Data Formats | Proposal for a simple XML data format

Simple regrouped data file for SAS data

R. Ghosh, ILL, S.King, ISIS, A. Rennie, Uppsala University - November 2006


Meetings earlier in the year with members present from the ILL, ISIS and DIAMOND lead to attempts at producing a simplified data format which would be easy to use with spreadsheet programs. The starting point was the recent inclusion in Excel2003 of automatically reading XML files, placing data directly in columns.

The outcome of this meeting included a number of recommendations

  • Four column data should be offered including Q,intensity,intensity errors and an assessment of Q resolution, point by point.
  • using nomenclature and style derived from the NeXus dictionary the instrument parameters could be included (optionally)

Component names

Given that items have clear tag names it seems reasonable to allow some flexibility in the choice of, say, units. This leads to a limited list of recommended names, and alternatives. The following is a working list rather than a definitive specification:

 Idatum
I_counts        I_cm-1
Idev_counts     Idev_cm-1
Q_A-1           Q_nm-1
Qdev_A-1        Qdev_nm-1

Title
Source_file
Flux_monitor
Count_time_secs

SASsample
  sample_temperature
  sample_offset_angle_deg
  sample_x_mm
  sample_y_mm
  sample_thickness_mm
  sample_transmission

SASinstrument

  SASsource
    radiation
    beam_x_mm
    beam_y_mm
    wavelength_A         wavelength_nm
    wavelength_spread

  SAScollimator
    distance_coll_m
  SASdetector
    offset_angle_deg
    x0_cm
    y0_cm
    distance_SD_m
    pixel_x_mm
    pixel_y_mm
 
SASprocess
  date
  radial_step_cm
  sector_width_deg
  sector_orient_deg

Practical implementation

Rather than build a complete data processing system a pragmatic decision was taken to keep production of the standard ILL data files in parallel with the newly formatted XML files (the added production of XML or not is simply controlled by an environment variable set by the user). The XML files were then tested with Excel and Kalidagraph, and succesfully read by both. The Excel method for reading the data file shows it is quite straightforward. To simplify take-up by other display programs white-space separates the table values, and the xml tags are packed close together; this leads to 9 columns being read-in, with Q, I, Idev and Qdev in columns 2 4 6 and 8 respectively.

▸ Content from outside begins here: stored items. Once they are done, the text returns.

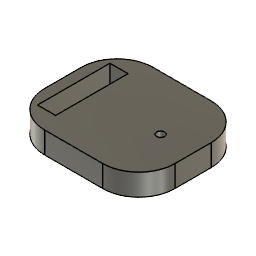
Vtol main body rib (Autodesk Fusion 360 design; units mm, degrees)
part number: 2026-06-17-15-36-35-159
Autodesk Fusion 360 part; units mm, degrees
sketch "Sketch1" plane through (0, 0, 0) normal (0, 0, 1) x (1, 0, 0)
  line L0 (-40, -75) -> (40, -75)
  line L1 (90, -25) -> (90, 25)
  line L2 (40, 75) -> (-40, 75)
  line L3 (-90, 25) -> (-90, -25)
  line L4 (-90, -75) -> (90, 75) construction
  line L5 (90, -75) -> (-90, 75) construction
  arc A0 (40, -75) -> (90, -25) centre (40, -25) ccw
  arc A1 (90, 25) -> (40, 75) centre (40, 25) ccw
  arc A2 (-90, -25) -> (-40, -75) centre (-40, -25) ccw
  arc A3 (-40, 75) -> (-90, 25) centre (-40, 25) ccw
  constraint horizontal L0
  constraint perpendicular L0 L1
  constraint parallel L0 L2
  constraint parallel L1 L3
  constraint coincident L4 origin
  constraint coincident L5 origin
  constraint coincident L5.start L1
  constraint coincident L5.start L0
  constraint tangent L1 A0
  constraint tangent L0 A0
  constraint coincident L4.end L1
  constraint coincident L4.end L2
  constraint tangent L1 A1
  constraint tangent L2 A1
  constraint coincident L4.start L0
  constraint coincident L4.start L3
  constraint tangent L0 A2
  constraint tangent L3 A2
  constraint coincident L5.end L2
  constraint coincident L5.end L3
  constraint tangent L2 A3
  constraint tangent L3 A3
extrude "Extrude1" add sketch "Sketch1" along normal blind 30
sketch "Sketch2" plane through (0, 0, 30) normal (0, 0, 1) x (-1, 0, 0)
  arc A0 (40, -75) -> (90, -25) centre (40, -25) ccw
  line L0 (90, -25) -> (90, 25)
  arc A1 (90, 25) -> (40, 75) centre (40, 25) ccw
  line L1 (40, 75) -> (-40, 75)
  arc A2 (-40, 75) -> (-90, 25) centre (-40, 25) ccw
  line L2 (-90, 25) -> (-90, -25)
  arc A3 (-90, -25) -> (-40, -75) centre (-40, -25) ccw
  line L3 (-40, -75) -> (40, -75)
  line L4 (35, 70) -> (-35, 70)
  line L5 (-85, 20) -> (-85, -20)
  line L6 (-35, -70) -> (35, -70)
  line L7 (85, -20) -> (85, 20)
  line L8 (85, 70) -> (-85, -70) construction
  line L9 (-85, 70) -> (85, -70) construction
  arc A4 (-35, 70) -> (-85, 20) centre (-35, 20) ccw
  arc A5 (-85, -20) -> (-35, -70) centre (-35, -20) ccw
  arc A6 (85, 20) -> (35, 70) centre (35, 20) ccw
  arc A7 (35, -70) -> (85, -20) centre (35, -20) ccw
  dimension "d9" = 140
  dimension "d10" = 170
  dimension "d11" = 50
  dimension "d12" = 50
  dimension "d13" = 50
  dimension "d14" = 50
  constraint horizontal L4
  constraint perpendicular L4 L5
  constraint parallel L4 L6
  constraint parallel L5 L7
  constraint coincident L8 origin
  constraint coincident L9 origin
  constraint coincident L9.start L5
  constraint coincident L9.start L4
  constraint tangent L5 A4
  constraint tangent L4 A4
  constraint coincident L8.end L5
  constraint coincident L8.end L6
  constraint tangent L5 A5
  constraint tangent L6 A5
  constraint coincident L8.start L4
  constraint coincident L8.start L7
  constraint tangent L4 A6
  constraint tangent L7 A6
  constraint coincident L9.end L6
  constraint coincident L9.end L7
  constraint tangent L6 A7
  constraint tangent L7 A7
  measures "d9" distance of L9.start L8.end
  measures "d10" distance of L8.end L9.end
  measures "d11" radius of A4
  measures "d12" radius of A5
  measures "d13" radius of A6
  measures "d14" radius of A7
extrude "Extrude2" cut sketch "Sketch2" against normal blind 10 contours L4 L5 L6 L7 A4 A5 A6 A7
sketch "Sketch3" plane through (0, 0, 0) normal (0, 0, -1) x (1, 0, 0)
  arc A0 (-90, -25) -> (-40, -75) centre (-40, -25) ccw
  line L0 (-40, -75) -> (40, -75)
  arc A1 (40, -75) -> (90, -25) centre (40, -25) ccw
  line L1 (90, -25) -> (90, 25)
  arc A2 (90, 25) -> (40, 75) centre (40, 25) ccw
  line L2 (40, 75) -> (-40, 75)
  arc A3 (-40, 75) -> (-90, 25) centre (-40, 25) ccw
  line L3 (-90, 25) -> (-90, -25)
  line L4 (-35, -70) -> (35, -70)
  line L5 (85, -20) -> (85, 20)
  line L6 (35, 70) -> (-35, 70)
  line L7 (-85, 20) -> (-85, -20)
  line L8 (-85, -70) -> (85, 70) construction
  line L9 (85, -70) -> (-85, 70) construction
  arc A4 (35, -70) -> (85, -20) centre (35, -20) ccw
  arc A5 (85, 20) -> (35, 70) centre (35, 20) ccw
  arc A6 (-85, -20) -> (-35, -70) centre (-35, -20) ccw
  arc A7 (-35, 70) -> (-85, 20) centre (-35, 20) ccw
  dimension "d17" = 140
  dimension "d18" = 170
  dimension "d19" = 50
  dimension "d20" = 50
  dimension "d21" = 50
  dimension "d22" = 50
  constraint horizontal L4
  constraint perpendicular L4 L5
  constraint parallel L4 L6
  constraint parallel L5 L7
  constraint coincident L8 origin
  constraint coincident L9 origin
  constraint coincident L9.start L5
  constraint coincident L9.start L4
  constraint tangent L5 A4
  constraint tangent L4 A4
  constraint coincident L8.end L5
  constraint coincident L8.end L6
  constraint tangent L5 A5
  constraint tangent L6 A5
  constraint coincident L8.start L4
  constraint coincident L8.start L7
  constraint tangent L4 A6
  constraint tangent L7 A6
  constraint coincident L9.end L6
  constraint coincident L9.end L7
  constraint tangent L6 A7
  constraint tangent L7 A7
  measures "d17" distance of L9.start L8.end
  measures "d18" distance of L8.end L9.end
  measures "d19" radius of A4
  measures "d20" radius of A5
  measures "d21" radius of A6
  measures "d22" radius of A7
extrude "Extrude3" cut sketch "Sketch3" against normal blind 10 contours L4 L5 L6 L7 A4 A5 A6 A7
sketch "Sketch4" plane through (0, 0, 10) normal (0, 0, -1) x (1, 0, 0)
  arc A0 (-35, 70) -> (-85, 20) centre (-35, 20) ccw
  line L0 (-85, 20) -> (-85, -20)
  arc A1 (-85, -20) -> (-35, -70) centre (-35, -20) ccw
  line L1 (-35, -70) -> (35, -70)
  arc A2 (35, -70) -> (85, -20) centre (35, -20) ccw
  line L2 (85, -20) -> (85, 20)
  arc A3 (85, 20) -> (35, 70) centre (35, 20) ccw
  line L3 (35, 70) -> (-35, 70)
  line L4 (90, 0) -> (45, 0)
  circle A4 centre (45, 0) radius 5.5
  dimension "d25" = 45
  dimension "d26" = 11
  constraint perpendicular L2 L4
  constraint coincident L4.end A4.centre
  measures "d25" distance of L4.start L4.end
  measures "d26" diameter of A4
extrude "Extrude4" cut sketch "Sketch4" against normal blind 10 contours A4
extrude "Extrude5" add 1 faces at (-26.8129, 30.2732, 20) along direction (0, 0, 1) blind 10
extrude "Extrude6" add 1 faces at (-26.8129, 30.2732, 10) along direction (0, 0, -1) blind 10
sketch "Sketch5" plane through (0, 0, 0) normal (0, 0, -1) x (1, 0, 0)
  circle A0 centre (45, 0) radius 5.5
  arc A1 (-90, -25) -> (-40, -75) centre (-40, -25) ccw
  line L0 (-40, -75) -> (40, -75)
  arc A2 (40, -75) -> (90, -25) centre (40, -25) ccw
  line L1 (90, -25) -> (90, 25)
  arc A3 (90, 25) -> (40, 75) centre (40, 25) ccw
  line L2 (40, 75) -> (-40, 75)
  arc A4 (-40, 75) -> (-90, 25) centre (-40, 25) ccw
  line L3 (-90, 25) -> (-90, -25)
  line L4 (-75, 50) -> (-50, 50)
  line L5 (-50, 50) -> (-50, -50)
  line L6 (-50, -50) -> (-75, -50)
  line L7 (-75, -50) -> (-75, 50)
  constraint horizontal L4
  constraint vertical L5
  constraint horizontal L6
  constraint vertical L7
extrude "Extrude7" cut sketch "Sketch5" against normal blind 65 contours L4 L5 L6 L7

Two examples are available here, a minimalist approach xg009436_001.xml, and a more comprehensive file xg009436_001f.xml.

A small set of Fortran-callable routines have been developed to navigate and extract data using a robust xmlparser. Examples of a simple test extractor, and a data converter are shown. A generic plotting program, xmlplo, will read mixed xml files from a variety of sources and superpose results. A zip file may be downloaded.